1...Mesh processing system 100...Mesh encoding device 200...Mesh decoding device 201...Multiplex separation unit 202...Basic mesh decoding unit 202A...Separation unit 202B...Intra decoding unit 202B1...Arbitrary intra decoding unit 202B2...Alignment unit 202C...Mesh buffer unit 202D...Connection information decoding unit 202E...Inter decoding unit 202E1...Motion vector decoding unit 202E2...Motion vector buffer unit 202E3...Motion vector prediction unit 202E4...Motion vector calculation unit 202E5...Adder 202E6...Overlapping vertex search unit 202E7...Overlapping vertex determination unit 202E8...Motion vector acquisition unit 202E9...All skip mode determination unit 202E10...Skip Mode discrimination unit 203...subdivision unit 203A...basic mesh subdivision unit 203A1...basic surface division number buffer unit 203A2...basic surface division number reference unit 203A3...basic surface division number prediction unit 203A4...addition unit 203A5...basic surface division unit 203B...subdivision mesh adjustment unit 701...edge division point movement unit 702...subdivision surface division unit 204...mesh decoding unit 205...patch integration unit 206...displacement amount decoding unit 206A...control information decoding unit 206B...arithmetic decoding unit 206C...context value update unit 206D...context buffer 206E...context selection unit 206F...multiple value unit 206F2...coefficient level value decoding unit 206G...inter prediction unit 206H...frame buffer 206I...adder 206J...inverse quantization unit 206K...displacement amount prediction addition unit 206L...inverse quantization wavelet transform unit 207...video decoding unit

Claims

A mesh decoding device, comprising:
A mesh decoding device comprising a displacement amount prediction addition unit configured to intra-predict the displacement amount of a subdivision vertex based on a basic mesh output from a basic mesh decoding unit, calculate an intra prediction value, and decode the displacement amount by adding the calculated intra prediction value and the intra prediction residual output from an inverse quantization unit.
The mesh decoding device according to claim 1, wherein the displacement prediction addition unit is configured to decode the displacement based on normal vectors of the points at both ends of the subdivision vertex.
The mesh decoding device according to claim 1, wherein the displacement amount addition unit is configured to decode the displacement amount based on the displacement amount of the decoded subdivision vertex.

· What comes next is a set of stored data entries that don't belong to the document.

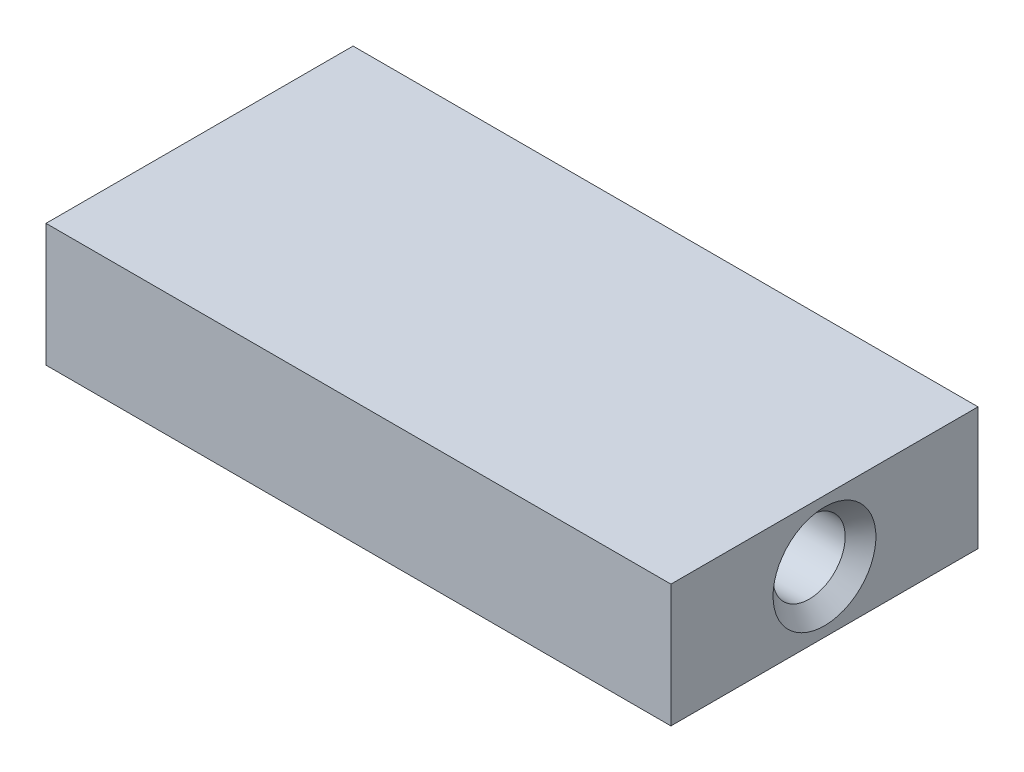
SolidWorks part; units mm, degrees
material "ABS"
ref_plane "Front Plane" through (0, 0, 0) normal (0, 0, 1) x (1, 0, 0)
ref_plane "Top Plane" through (0, 0, 0) normal (0, 1, 0) x (1, 0, 0)
ref_plane "Right Plane" through (0, 0, 0) normal (1, 0, 0) x (0, 0, -1)
sketch "Sketch1" plane through (0, 0, 0) normal (0, 1, 0) x (1, 0, 0)
  line L1 (-20.35, 10) -> (20.35, 10)
  line L2 (-20.35, 10) -> (-20.35, -10)
  line L3 (-20.35, -10) -> (20.35, -10)
  line L4 (20.35, 10) -> (20.35, -10)
  line L5 (-20.35, 10) -> (20.35, -10) construction
  line L6 (-20.35, -10) -> (20.35, 10) construction
  point P0 (0, 0)
  dimension "D1" = 20
  dimension "D2" = 40.7
extrude "Boss-Extrude1" add sketch "Sketch1" along normal blind 8
sketch "Sketch2" plane through (20.35, 0, 0) normal (1, 0, 0) x (0, 0, -1)
  line L0 (0, 8) -> (0, 4) construction
  line L1 (-10, 8) -> (10, 8) construction
  line L2 (0, 4) -> (10, 4) construction
  line L3 (10, 8) -> (10, 0) construction
  circle A0 centre (0, 4) radius 2.35
  dimension "D1" = 4.7
extrude "Cut-Extrude1" cut sketch "Sketch2" against normal blind 10
sketch "Sketch3" plane through (-20.35, 0, 0) normal (-1, 0, 0) x (0, 0, 1)
  line L0 (0, 8) -> (0, 4) construction
  line L1 (-10, 8) -> (10, 8) construction
  line L2 (0, 4) -> (10, 4) construction
  line L3 (10, 8) -> (10, 0) construction
  circle A0 centre (0, 4) radius 2.35
  dimension "D1" = 4.7
extrude "Cut-Extrude2" cut sketch "Sketch3" against normal blind 10
chamfer "Chamfer1" distance 1 angle 45 2 edges at (-20.35, 4, 2.35) (20.35, 4, -2.35)
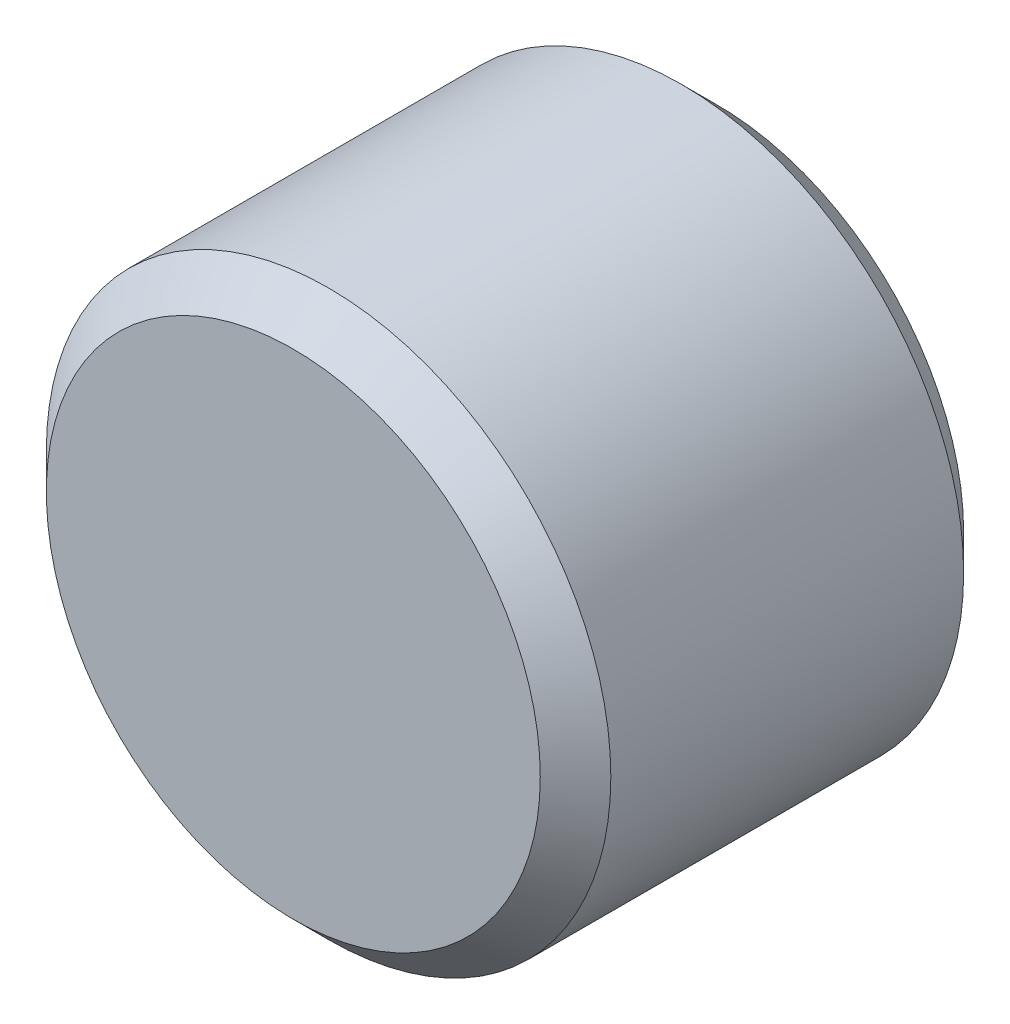
SolidWorks part; units mm, degrees
ref_plane "Front Plane" through (0, 0, 0) normal (0, 0, 1) x (1, 0, 0)
ref_plane "Top Plane" through (0, 0, 0) normal (0, 1, 0) x (1, 0, 0)
ref_plane "Right Plane" through (0, 0, 0) normal (1, 0, 0) x (0, 0, -1)
sketch "Sketch1" plane through (0, 0, 0) normal (0, 0, 1) x (1, 0, 0)
  circle A0 centre (0, 0) radius 4
  dimension "D1" = 8
extrude "Boss-Extrude1" add sketch "Sketch1" along normal blind 6
chamfer "Chamfer1" distance 0.5 angle 45 2 edges at (4, 0, 0) (4, 0, 6)
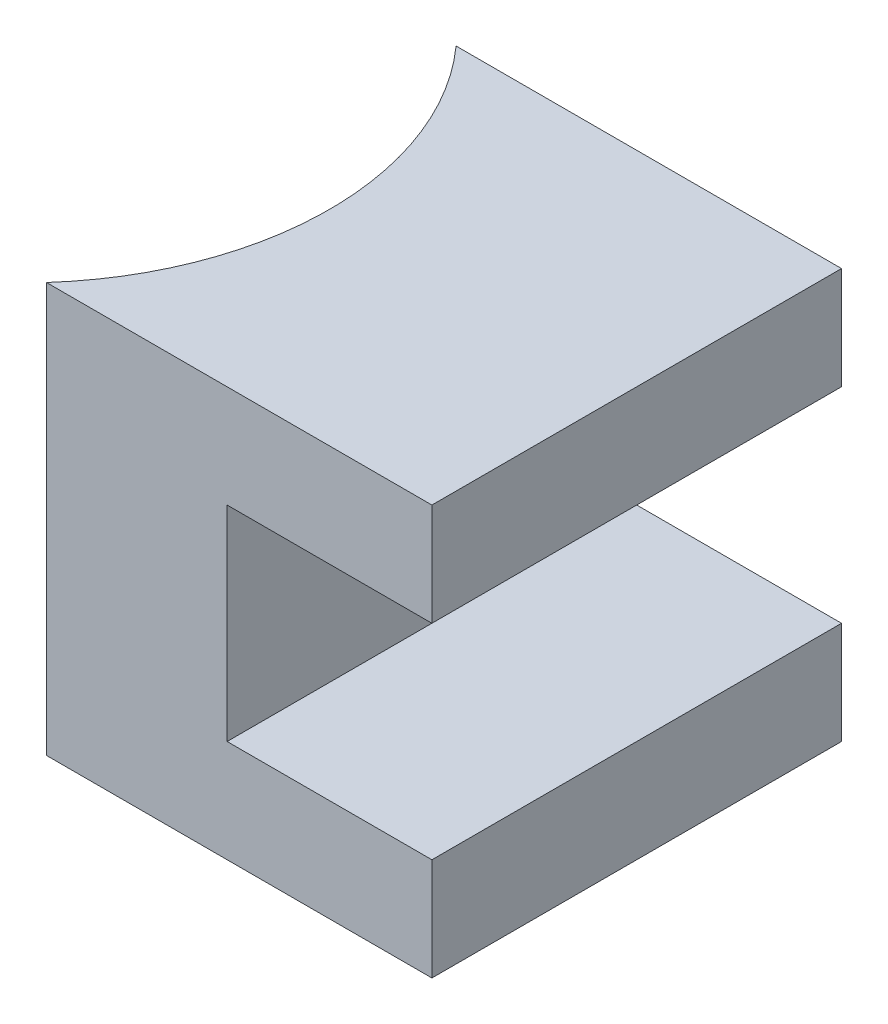
SolidWorks part; units mm, degrees
ref_plane "前视基准面" through (0, 0, 0) normal (0, 0, 1) x (1, 0, 0)
ref_plane "上视基准面" through (0, 0, 0) normal (0, 1, 0) x (1, 0, 0)
ref_plane "右视基准面" through (0, 0, 0) normal (1, 0, 0) x (0, 0, -1)
sketch "草图1" plane through (0, 0, 0) normal (0, 1, 0) x (1, 0, 0)
  line L0 (11.1803, 10) -> (30, 10)
  line L1 (30, 10) -> (30, -10)
  line L2 (30, -10) -> (11.1803, -10)
  circle A0 centre (0, 0) radius 15
  dimension "D1" = 30
  dimension "D2" = 20
  dimension "D3" = 10
  dimension "D4" = 30
sketch "草图2" plane through (0, 0, 0) normal (0, 1, 0) x (1, 0, 0)
  line L0 (11.1803, 10) -> (30, 10)
  line L1 (30, 10) -> (30, -10)
  line L2 (30, -10) -> (11.1803, -10)
  arc A0 (11.1803, -10) -> (11.1803, 10) centre (0, 0) ccw
extrude "凸台-拉伸1" add sketch "草图2" along normal mid plane 20
sketch "草图3" plane through (0, 0, 10) normal (0, 0, 1) x (1, 0, 0)
  line L0 (20, 5) -> (35.2084, 5)
  line L1 (35.2084, 5) -> (35.2084, -5)
  line L2 (35.2084, -5) -> (20, -5)
  line L3 (20, -5) -> (20, 5)
  line L4 (11.1803, 0) -> (30, 0) construction
  line L5 (30, 10) -> (30, -10) construction
  point P6 (20.5902, 0)
  dimension "D1" = 10
  dimension "D2" = 5
  dimension "D3" = 10
  dimension "D4" = 5.2084
extrude "切除-拉伸1" cut sketch "草图3" against normal through all both and the other way through all
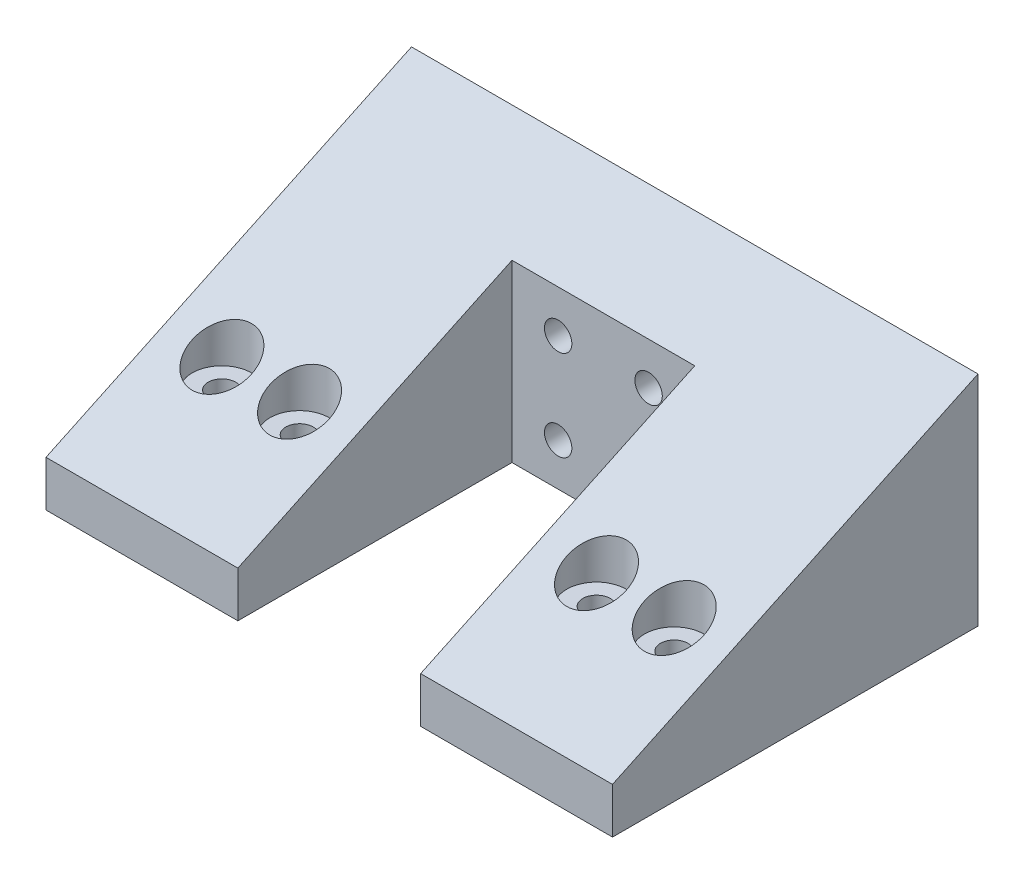
SolidWorks part; units mm, degrees
ref_plane "Спереди" through (0, 0, 0) normal (0, 0, 1) x (1, 0, 0)
ref_plane "Сверху" through (0, 0, 0) normal (0, 1, 0) x (1, 0, 0)
ref_plane "Справа" through (0, 0, 0) normal (1, 0, 0) x (0, 0, -1)
sketch "Sketch1" plane through (0, 0, 0) normal (0, 0, 1) x (1, 0, 0)
  line L0 (-31, 11.95) -> (31, -11.95) construction
  line L1 (-31, -11.95) -> (31, -11.95)
  line L2 (-31, -11.95) -> (-31, 11.95)
  line L3 (-31, 11.95) -> (31, 11.95)
  line L4 (31, -11.95) -> (31, 11.95)
  line L5 (-31, -11.95) -> (31, 11.95) construction
  point P4 (0, 0)
  dimension "D1" = 23.9
  dimension "D2" = 62
extrude "Extrude1" add sketch "Sketch1" along normal blind 40
sketch "Sketch2" plane through (0, 0, 40) normal (0, 0, 1) x (1, 0, 0)
  line L0 (-31, -11.95) -> (31, -11.95) construction
  line L1 (-10, 11.95) -> (10, 11.95)
  line L2 (-10, 11.95) -> (-10, -11.95)
  line L3 (-10, -11.95) -> (10, -11.95)
  line L4 (10, 11.95) -> (10, -11.95)
  line L5 (-31, 11.95) -> (-31, -11.95) construction
  point P6 (0, -11.95)
  point P7 (0, -11.95)
  dimension "D1" = 20
extrude "Extrude2" cut sketch "Sketch2" against normal offset from surface (30 mm away) 10 up to face at (0, 0, 0)
sketch "Sketch3" plane through (31, 0, 0) normal (1, 0, 0) x (0, 0, -1)
  line L0 (-40, -6.95) -> (-40, 11.95)
  line L1 (-40, -11.95) -> (-40, 11.95) construction
  line L2 (-40, 11.95) -> (0, 11.95)
  line L3 (0, 11.95) -> (-40, -6.95)
  line L4 (-40, 11.95) -> (0, 11.95) construction
  point P5 (0, 11.95)
  point P8 (-2.9004, 11.95)
  point P11 (0, 0)
  point P13 (-30, -4.4404)
  point P14 (0, 11.95)
  point P15 (-0.5894, 11.95)
  point P16 (6.7727, 11.95)
  point P17 (-30, -5.1997)
  point P19 (0, 11.95)
  dimension "D1" = 5
extrude "Extrude3" cut sketch "Sketch3" against normal through all
sketch "Sketch4" plane through (0, 0, 10) normal (0, 0, 1) x (1, 0, 0)
  line L0 (0, 7.225) -> (0, -11.95) construction
  line L1 (10, 7.225) -> (-10, 7.225) construction
  line L2 (-10, -11.95) -> (10, -11.95) construction
  line L3 (-10, -2.3625) -> (10, -2.3625) construction
  line L4 (-10, 7.225) -> (-10, -11.95) construction
  line L5 (10, -11.95) -> (10, 7.225) construction
  circle A0 centre (-4.95, 2.5875) radius 1.5
  circle A1 centre (4.95, 2.5875) radius 1.5
  circle A2 centre (4.95, -7.3125) radius 1.5
  circle A3 centre (-4.95, -7.3125) radius 1.5
  dimension "D1" = 3
  dimension "D4" = 9.9
  dimension "D5" = 9.9
  dimension "D6" = 4.95
  dimension "D7" = 4.95
  dimension "D2" = 2
  dimension "D3" = 2
extrude "Extrude4" cut sketch "Sketch4" against normal through all
ref_plane "Plane1" through (0, 11.95, 0) normal (0, 1, 0) x (1, 0, 0)
sketch "Sketch5" plane through (0, 11.95, 0) normal (0, 1, 0) x (1, 0, 0)
  line L1 (-31, -40) -> (-31, 0) construction
  line L3 (0, -10) -> (0, -39.3917) construction
  line L4 (10, -10) -> (-10, -10) construction
  line L7 (-31, -40) -> (-10, -40) construction
  circle A0 centre (-16.25, -27) radius 3.25
  circle A1 centre (-24.75, -27) radius 3.25
  circle A4 centre (24.75, -27) radius 3.25
  circle A5 centre (16.25, -27) radius 3.25
  point P2 (-18.1642, -28.154)
  point P3 (0, 0)
  point P8 (-37.25, -28.0154)
  point P9 (-37.25, -29.1834)
  point P13 (0, -39.3917)
  point P14 (-15.6765, -28.5829)
  point P17 (-37.25, -50)
  dimension "D1" = 6.5
  dimension "D3" = 8.5
  dimension "D4" = 6.25
  dimension "D5" = 13
  dimension "D2" = 2
extrude "Extrude5" cut sketch "Sketch5" against normal offset from surface (15.9 mm away) 8 up to face at (0, -11.95, 22.5)
sketch "Sketch6" plane through (0, 11.95, 0) normal (0, 1, 0) x (1, 0, 0)
  line L0 (0, -10) -> (0, -39.9098) construction
  line L1 (10, -10) -> (-10, -10) construction
  circle A0 centre (-24.75, -27) radius 1.5
  circle A1 centre (-16.25, -27) radius 1.5
  circle A2 centre (16.25, -27) radius 1.5
  circle A3 centre (24.75, -27) radius 1.5
  dimension "D1" = 3
extrude "Extrude6" cut sketch "Sketch6" against normal through all

1. A mesh decoding method, comprising:
A step A of decoding the base mesh bitstream to generate and output a base mesh;
a step B of performing inverse quantization on the quantized intra prediction residual and outputting the intra prediction residual;
a step C of predicting displacement amounts of subdivision vertices based on the base mesh output in the step A to calculate intra-prediction values;
a step of decoding a displacement by adding the intra prediction residual output in the step B and the intra prediction value calculated in the step C.
A program for causing a computer to function as a mesh decoding device, comprising:
The mesh decoding device comprises:
A program comprising a displacement amount prediction addition unit configured to intra-predict a displacement amount of a subdivision vertex based on a basic mesh output from a basic mesh decoding unit, calculate an intra-prediction value, and decode a displacement amount by adding the calculated intra-prediction value and an intra-prediction residual output from an inverse quantization unit.